Religion
- Affiliation: Roman Catholic
- Province: Milan
- Status: Active

Location
- Location: Milan, Italy
- Interactive map of Church of San Gerolamo Emiliani
- Coordinates: 45°30′04″N 9°14′43″E﻿ / ﻿45.50121°N 9.24534°E

Architecture
- Architect: Carlo De Carli (1910-1999)
- Type: Church
- Style: Modern

= San Gerolamo Emiliani, Milan =

Church in Milan

San Gerolamo Emiliani is a Modernist-style Roman Catholic church located on via Giovanni Calagria #36 in Milan, region of Lombardy, Italy.

==History==
Milan planned in the 1950s to erect 22 new churches to celebrate upcoming church council (Second Vatican Council). The architect of this church, which serves the quarter of Cimiano, was Carlo De Carli, who also designed the church of Sant'Ildefonso.
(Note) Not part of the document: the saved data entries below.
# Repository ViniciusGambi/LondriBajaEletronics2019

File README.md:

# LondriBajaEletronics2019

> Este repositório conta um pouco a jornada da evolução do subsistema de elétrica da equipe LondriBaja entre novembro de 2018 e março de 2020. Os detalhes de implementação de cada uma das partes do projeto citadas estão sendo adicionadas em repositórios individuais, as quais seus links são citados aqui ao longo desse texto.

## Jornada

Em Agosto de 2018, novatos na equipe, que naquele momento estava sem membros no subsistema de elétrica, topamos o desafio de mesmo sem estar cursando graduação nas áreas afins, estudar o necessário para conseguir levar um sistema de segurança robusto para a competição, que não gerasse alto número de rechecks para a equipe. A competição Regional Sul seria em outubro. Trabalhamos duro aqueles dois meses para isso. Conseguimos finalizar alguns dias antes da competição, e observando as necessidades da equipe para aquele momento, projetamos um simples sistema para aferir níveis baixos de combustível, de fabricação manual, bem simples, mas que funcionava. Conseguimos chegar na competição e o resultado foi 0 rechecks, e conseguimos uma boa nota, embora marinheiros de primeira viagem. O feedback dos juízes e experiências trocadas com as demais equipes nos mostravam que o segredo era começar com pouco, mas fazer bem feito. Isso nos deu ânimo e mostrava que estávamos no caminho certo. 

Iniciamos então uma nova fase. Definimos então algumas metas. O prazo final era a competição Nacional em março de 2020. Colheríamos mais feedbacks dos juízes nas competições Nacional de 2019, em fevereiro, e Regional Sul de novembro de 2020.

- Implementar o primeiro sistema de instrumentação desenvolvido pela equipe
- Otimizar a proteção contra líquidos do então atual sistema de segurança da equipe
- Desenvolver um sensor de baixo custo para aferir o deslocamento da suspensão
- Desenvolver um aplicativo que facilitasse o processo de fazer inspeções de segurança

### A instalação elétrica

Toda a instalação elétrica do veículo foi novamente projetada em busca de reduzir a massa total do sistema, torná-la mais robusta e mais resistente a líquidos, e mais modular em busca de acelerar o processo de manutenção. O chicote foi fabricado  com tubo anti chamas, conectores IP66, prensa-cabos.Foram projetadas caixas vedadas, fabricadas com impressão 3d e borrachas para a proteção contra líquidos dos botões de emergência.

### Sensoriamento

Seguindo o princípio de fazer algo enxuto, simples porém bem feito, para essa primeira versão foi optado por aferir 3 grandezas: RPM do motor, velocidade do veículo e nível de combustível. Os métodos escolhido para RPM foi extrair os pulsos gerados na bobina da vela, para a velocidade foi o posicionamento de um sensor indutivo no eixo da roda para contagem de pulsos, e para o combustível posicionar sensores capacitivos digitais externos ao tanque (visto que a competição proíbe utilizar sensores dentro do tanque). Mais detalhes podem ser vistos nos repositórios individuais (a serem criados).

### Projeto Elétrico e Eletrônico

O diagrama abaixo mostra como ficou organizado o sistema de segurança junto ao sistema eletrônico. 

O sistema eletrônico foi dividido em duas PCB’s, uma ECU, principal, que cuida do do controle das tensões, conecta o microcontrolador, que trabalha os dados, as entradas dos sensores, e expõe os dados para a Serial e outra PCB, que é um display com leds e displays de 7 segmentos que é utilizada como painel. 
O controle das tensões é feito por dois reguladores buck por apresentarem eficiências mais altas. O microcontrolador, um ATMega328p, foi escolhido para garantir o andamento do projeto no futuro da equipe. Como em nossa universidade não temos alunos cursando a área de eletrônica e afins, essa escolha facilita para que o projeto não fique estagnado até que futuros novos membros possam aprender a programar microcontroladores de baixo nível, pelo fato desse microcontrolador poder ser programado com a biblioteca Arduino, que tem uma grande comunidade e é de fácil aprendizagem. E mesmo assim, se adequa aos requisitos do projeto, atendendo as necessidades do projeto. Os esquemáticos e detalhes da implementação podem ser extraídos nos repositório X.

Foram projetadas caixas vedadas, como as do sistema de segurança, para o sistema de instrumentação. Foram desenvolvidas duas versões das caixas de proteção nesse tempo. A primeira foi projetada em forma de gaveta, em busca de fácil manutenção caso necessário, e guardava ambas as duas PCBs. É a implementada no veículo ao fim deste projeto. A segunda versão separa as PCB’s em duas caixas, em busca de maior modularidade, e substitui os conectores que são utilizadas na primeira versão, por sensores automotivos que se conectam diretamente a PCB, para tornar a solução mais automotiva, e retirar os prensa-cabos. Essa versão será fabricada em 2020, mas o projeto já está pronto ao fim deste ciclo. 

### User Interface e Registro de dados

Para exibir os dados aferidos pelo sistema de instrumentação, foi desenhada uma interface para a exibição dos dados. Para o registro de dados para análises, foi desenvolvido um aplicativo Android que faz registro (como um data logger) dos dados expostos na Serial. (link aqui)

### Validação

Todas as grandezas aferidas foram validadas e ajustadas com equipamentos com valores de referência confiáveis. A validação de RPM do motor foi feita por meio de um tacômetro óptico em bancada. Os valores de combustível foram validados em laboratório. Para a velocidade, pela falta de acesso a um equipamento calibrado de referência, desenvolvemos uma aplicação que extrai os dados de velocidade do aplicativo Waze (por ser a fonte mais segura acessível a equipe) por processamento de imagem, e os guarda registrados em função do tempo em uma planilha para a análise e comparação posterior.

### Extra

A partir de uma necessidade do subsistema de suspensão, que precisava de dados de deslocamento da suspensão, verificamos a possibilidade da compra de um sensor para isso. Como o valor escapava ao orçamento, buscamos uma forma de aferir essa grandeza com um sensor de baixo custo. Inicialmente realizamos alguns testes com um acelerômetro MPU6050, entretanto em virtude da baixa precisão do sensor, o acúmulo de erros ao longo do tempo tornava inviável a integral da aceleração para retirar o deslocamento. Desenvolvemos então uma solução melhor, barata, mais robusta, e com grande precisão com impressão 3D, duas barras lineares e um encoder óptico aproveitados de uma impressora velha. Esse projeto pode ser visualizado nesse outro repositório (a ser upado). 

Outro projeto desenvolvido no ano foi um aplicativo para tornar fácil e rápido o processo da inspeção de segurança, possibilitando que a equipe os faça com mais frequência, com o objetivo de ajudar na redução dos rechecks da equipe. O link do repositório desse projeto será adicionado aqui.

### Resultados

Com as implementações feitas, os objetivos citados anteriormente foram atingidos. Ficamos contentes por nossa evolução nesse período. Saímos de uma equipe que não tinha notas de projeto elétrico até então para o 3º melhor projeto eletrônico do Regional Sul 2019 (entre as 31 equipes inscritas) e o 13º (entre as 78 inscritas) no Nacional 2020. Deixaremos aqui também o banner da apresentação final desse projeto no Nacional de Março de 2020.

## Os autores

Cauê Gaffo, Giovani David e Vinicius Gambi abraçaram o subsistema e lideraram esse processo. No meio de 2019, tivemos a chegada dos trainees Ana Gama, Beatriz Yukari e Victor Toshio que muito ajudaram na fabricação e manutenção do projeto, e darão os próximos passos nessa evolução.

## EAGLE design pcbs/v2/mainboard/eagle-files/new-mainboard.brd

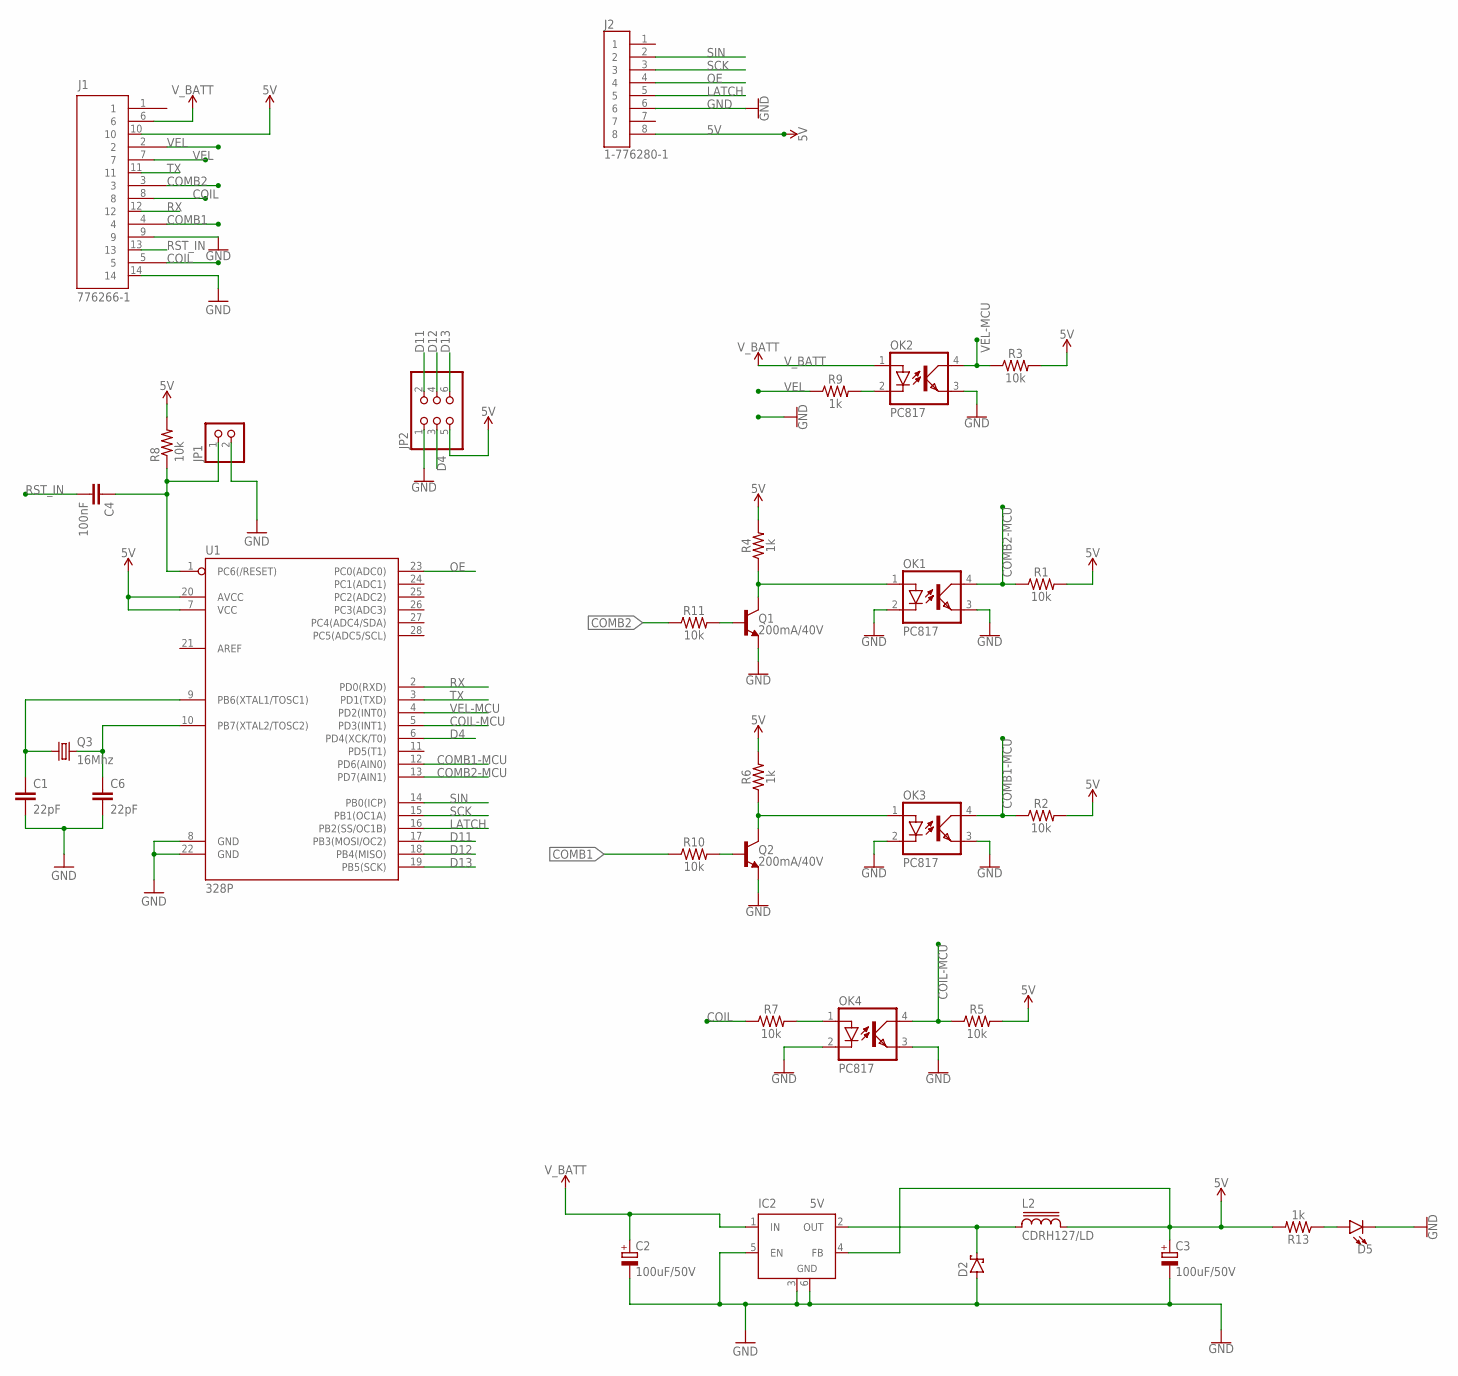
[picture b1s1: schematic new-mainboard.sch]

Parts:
C1, C6: 22pF; CAP-PTH-2.54
C2, C3: 100uF/50V; E3,5-8
C4: 100nF; CAP-PTH-2.54
D2: SCHOTTKY-DIODESMD; SMB
D5: LED3MM; LED_3MM
IC2: 5V; TO263-5
J1: 776266-1; TE_776266-1
J2: 1-776280-1; TE_1-776280-1
JP1: PINHD-1X2; 1X02
JP2: PINHD-2X3; 2X03
L2: CDRH127/LD
OK1, OK2, OK3, OK4: PC817; DIL04
Q1, Q2: 200mA/40V; TO-92
Q3: 16Mhz; HC49U-V
R1, R2, R3, R5, R7, R8, R10, R11: 10k; AXIAL-0.3
R4, R6, R9, R13: 1k; AXIAL-0.3
U1: 328P; DIP28

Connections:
5V: C3.+, IC2.4 (FB), J1.10, J2.8, JP2.5, L2.2, R1.P$2 (2), R2.P$2 (2), R3.P$2 (2), R4.P$2 (2), R5.P$2 (2), R6.P$2 (2), R8.P$2 (2), R13.P$2 (2), U1.7 (VCC), U1.20 (AVCC)
COIL: J1.5, J1.8, R7.P$1 (1)
COIL-MCU: OK4.4 (COL), R5.P$1 (1), U1.5 (PD3(INT1))
COMB1: J1.4, R10.P$1 (1)
COMB1-MCU: OK3.4 (COL), R2.P$1 (1), U1.12 (PD6(AIN0))
COMB2: J1.3, R11.P$1 (1)
COMB2-MCU: OK1.4 (COL), R1.P$1 (1), U1.13 (PD7(AIN1))
D4: JP2.3, U1.6 (PD4(XCK/T0))
D11: JP2.2, U1.17 (PB3(MOSI/OC2))
D12: JP2.4, U1.18 (PB4(MISO))
D13: JP2.6, U1.19 (PB5(SCK))
GND: C1.2, C2.-, C3.-, C6.2, D2.A, D5.K (C), IC2.3 (GND), IC2.5 (EN), IC2.6 (GND), J1.9, J1.14, J2.6, JP1.2, JP2.1, OK1.2 (C), OK1.3 (EMIT), OK2.3 (EMIT), OK3.2 (C), OK3.3 (EMIT), OK4.2 (C), OK4.3 (EMIT), Q1.1 (E), Q2.1 (E), U1.8 (GND), U1.22 (GND)
LATCH: J2.5, U1.16 (PB2(SS/OC1B))
unnamed: OK4.1 (A), R7.P$2 (2)
unnamed: OK2.2 (C), R9.P$2 (2)
unnamed: OK1.1 (A), Q1.3 (C), R4.P$1 (1)
unnamed: OK3.1 (A), Q2.3 (C), R6.P$1 (1)
unnamed: C1.1, Q3.1, U1.9 (PB6(XTAL1/TOSC1))
unnamed: C6.1, Q3.2, U1.10 (PB7(XTAL2/TOSC2))
unnamed: Q2.2 (B), R10.P$2 (2)
unnamed: D5.A, R13.P$1 (1)
unnamed: Q1.2 (B), R11.P$2 (2)
OE: J2.4, U1.23 (PC0(ADC0))
OUT: D2.C, IC2.2 (OUT), L2.1
RST: C4.1, JP1.1, R8.P$1 (1), U1.1 (PC6(/RESET))
RST_IN: C4.2, J1.13
RX: J1.12, U1.2 (PD0(RXD))
SCK: J2.3, U1.15 (PB1(OC1A))
SIN: J2.2, U1.14 (PB0(ICP))
TX: J1.11, U1.3 (PD1(TXD))
VEL: J1.2, J1.7, R9.P$1 (1)
VEL-MCU: OK2.4 (COL), R3.P$1 (1), U1.4 (PD2(INT0))
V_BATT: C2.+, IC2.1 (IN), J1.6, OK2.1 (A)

Construction proceeded until early 1960s.

==Description==
The original plan was square, but evolved into an octagonal plans for the main nave and three protruding octagons in a square for the sanctuary, baptistery, and chapel. The building is made from white bricks and cement. The entrance portal is surmounted by a panel of glass bricks (blocks) forming vertical strips of different hues and color.